Fare memoria della situazione di Haiti, grazie all’arte documentaristica di questo lavoro che Avvenire con coraggio promuove, significa agire oggi per migliorare le condizioni di vita dei bambini e dei ragazzi di quell’isola martoriata ». Indizio eloquente dell’invisibilità dell’isola sono le politiche adottate nei confronti della sua diaspora. Di recente, l’Amministrazione Trump ha deciso di eliminare, dal 2 settembre, la protezione temporanea che gli Usa garantiscono a haitiani fin dal 2010. Le condizioni del Paese – ha spiegato la segretaria per la Sicurezza nazionale, Kristi Noem – «sono migliorate in modo sufficiente» da rendere possibile il rimpatrio dei 500mila rifugiati inclusi nel programma. La nazione che, da gennaio, ha accumulato 2.680 morti nel conflitto delle gang e conta oltre un milione di sfollati interni sarebbe, dunque, un “luogo sicuro”. Un paradosso bloccato dal tribunale federale di New York.

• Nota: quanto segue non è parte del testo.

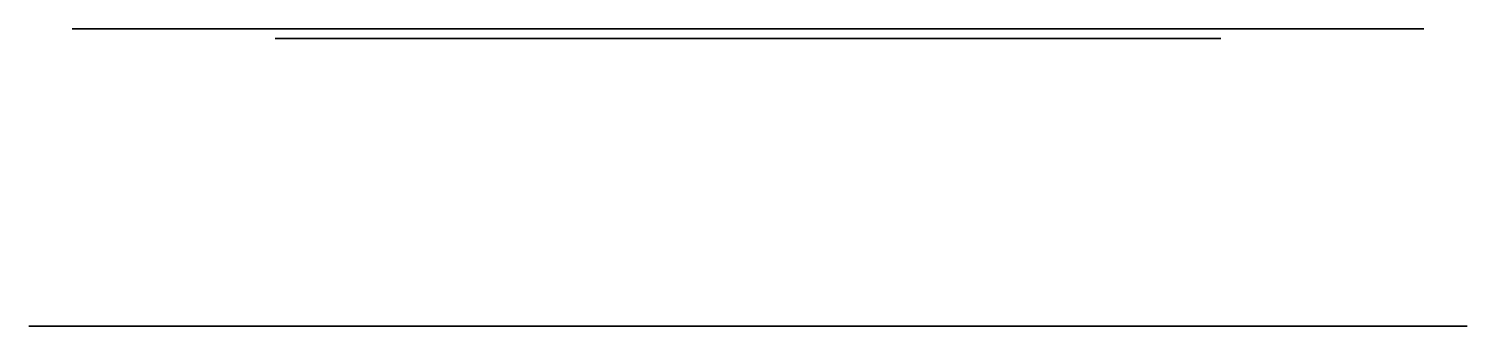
# Model space of a CAD drawing. Header units: centimetres. Extents: x -3.17 to 3.17, y -1.27 to 0.04.
import ezdxf

# ---------------------------------------------------------------- set-up
doc = ezdxf.new("R2010")
doc.units = ezdxf.units.CM
doc.header["$MEASUREMENT"] = 0
for name, color, linetype in [('ES Gear Backplate 90mm Wheels v5_Sketch1', 7, 'Continuous'), ('ES Gear Backplate 90mm Wheels v5_Sketch5', 7, 'Continuous'), ('ES Gear Backplate 90mm Wheels v5_Sketch6', 7, 'Continuous'), ('Hub Connector_Sketch1', 7, 'Continuous')]:
    doc.layers.add(name, color=color, linetype=linetype)

# ---------------------------------------------------------------- blocks, each defined once
blk = doc.blocks.new('HubConnector')
at = {"layer": 'Hub Connector_Sketch1', "extrusion": (0, -1, 0)}
for centre, radius in [((0, 0, 4.4574), 2.9831), ((-1.4903, 0.8604, 4.4574), 0.3), ((-1.4903, -0.8604, 4.4574), 0.3), ((-1.4903, -0.8604, 4.4574), 0.15), ((-1.4903, 0.8604, 4.4574), 0.15), ((0, 0, 4.4574), 1.2319), ((0, 1.7209, 4.4574), 0.3), ((0, -1.7209, 4.4574), 0.3), ((0, 1.7209, 4.4574), 0.15), ((0, -1.7209, 4.4574), 0.15), ((1.482, 0.8557, 4.4574), 0.3), ((1.4903, -0.8604, 4.4574), 0.3), ((1.482, 0.8557, 4.4574), 0.15), ((1.4903, -0.8604, 4.4574), 0.15)]:
    blk.add_circle(centre, radius, dxfattribs=at)
at = {"layer": 'Hub Connector_Sketch1'}
blk.add_point((0, -4.4574), dxfattribs=at)

msp = doc.modelspace()

# ---------------------------------------------------------------- linework, layer by layer
at = {"layer": 'ES Gear Backplate 90mm Wheels v5_Sketch1'}
for p, q in [((2.0867, 0, -0.3175), (-2.0867, 0, -0.3175)), ((-2.0867, 0, -0.3175), (-2.0867, 0, 0.3175)), ((-2.0867, 0, 0.3175), (2.0867, 0, 0.3175)), ((2.0867, 0, -0.3175), (-2.0867, 0, 0.3175)), ((-2.0867, 0, -0.3175), (2.0867, 0, 0.3175)), ((-2.0867, 0, -0.3175), (-2.0867, 0, 0.3175)), ((2.0867, 0, -0.3175), (-2.0867, 0, -0.3175)), ((-2.0867, 0, 0.3175), (2.0867, 0, 0.3175)), ((-1.3183, 0, 1.6484), (-0.7684, 0, 1.9659)), ((0.7684, 0, -1.9659), (-1.3183, 0, 1.6484)), ((-1.3183, 0, -1.6484), (0.7684, 0, 1.9659)), ((-0.7684, 0, -1.9659), (-1.3183, 0, -1.6484)), ((-0.7684, 0, 1.9659), (1.3183, 0, -1.6484)), ((1.3183, 0, 1.6484), (-0.7684, 0, -1.9659)), ((1.3183, 0, -1.6484), (0.7684, 0, -1.9659)), ((0.7684, 0, 1.9659), (1.3183, 0, 1.6484)), ((2.0867, 0, 0.3175), (2.0867, 0, -0.3175)), ((2.0867, 0, 0.3175), (2.0867, 0, -0.3175))]:
    msp.add_line(p, q, dxfattribs=at)
at = {"layer": 'ES Gear Backplate 90mm Wheels v5_Sketch1', "extrusion": (0, 1, 0)}
for radius in [1.905, 1.4605, 0.762]:
    msp.add_circle((0, 0), radius, dxfattribs=at)
at = {"layer": 'ES Gear Backplate 90mm Wheels v5_Sketch1'}
msp.add_point((0, 0), dxfattribs=at)
msp.add_point((0, 0), dxfattribs=at)
at = {"layer": 'ES Gear Backplate 90mm Wheels v5_Sketch5'}
msp.add_point((0, 0), dxfattribs=at)
at = {"layer": 'ES Gear Backplate 90mm Wheels v5_Sketch6', "extrusion": (0, -1, 0)}
for centre, radius in [((0, 0, 1.27), 3.175), ((-1.4568, 0.8411, 1.27), 0.1626), ((0, 1.6822, 1.27), 0.1626), ((0, -1.6822, 1.27), 0.1626), ((1.4568, -0.8411, 1.27), 0.1626), ((1.4568, 0.8411, 1.27), 0.1626)]:
    msp.add_circle(centre, radius, dxfattribs=at)
for centre, radius, start, end in [((-1.4568, -0.8411, 1.27), 0.1626, 117.23052, 302.76948), ((0, 0, 1.27), 1.6822, 204.46104, 215.53896)]:
    msp.add_arc(centre, radius, start, end, dxfattribs=at)
at = {"layer": 'ES Gear Backplate 90mm Wheels v5_Sketch6'}
msp.add_point((0, -1.27), dxfattribs=at)

# ---------------------------------------------------------------- block references
msp.add_blockref('HubConnector', (0, 4.5))

doc.saveas('drawing.dxf')

Per ora. « Il giro di vite Usa, insieme a quello dei Paesi latinoamericani come Brasile, Cile e Messico, grava come un macigno sulle spalle dei migranti più poveri e marginalizzati, lasciati senza tutele, esposti a rischi umanitari e costretti a condizioni di vita precarie – afferma Roberto Codazzi -. È urgente un approccio multilaterale e solidale che focalizzi lo sguardo sulla dignità e i diritti delle persone e le cause profonde della migrazione haitiana».
Il punto resta dunque lo sguardo. Dalla volontà di contribuire a strappare l’isola dal cono d’ombra in cui è confinata, nasce la campagna “Figli di Haiti” di Avvenire e Fondazione Avvenire di cui il video omonimo è parte. Fino alla fine dell’anno, combinando vari linguaggi e piattaforme, il quotidiano e il suo sito descriveranno Haiti e i suoi figli, da una parte all’altra dell’oceano, attraverso reportage, interviste, approfondimenti, podcast. Abbinata al racconto, la possibilità per i lettori di compiere un gesto concreto per i “figli di Haiti” grazie alla raccolta fondi avviata dalla Fondazione Avvenire per mandare a scuola i bimbi dell’orfanotrofio La Maison Des Anges, costretto dalle gang a lasciare Port-au-Prince e a rifugiarsi con i piccoli nell’Artibonite. « Avvenire sostiene il progetto Figli di Haiti, ma non solo, perché crede nel valore dell’educazione come strumento di riscatto e sviluppo – conclude Alessandro Belloli, direttore generale di Avvenire -. In un contesto segnato da povertà e instabilità, garantire ai bambini haitiani l’accesso alla scuola significa offrire loro un futuro possibile. È un impegno di solidarietà concreta, che rispecchia i valori del giornale: attenzione agli ultimi, promozione della dignità umana, costruzione di speranza».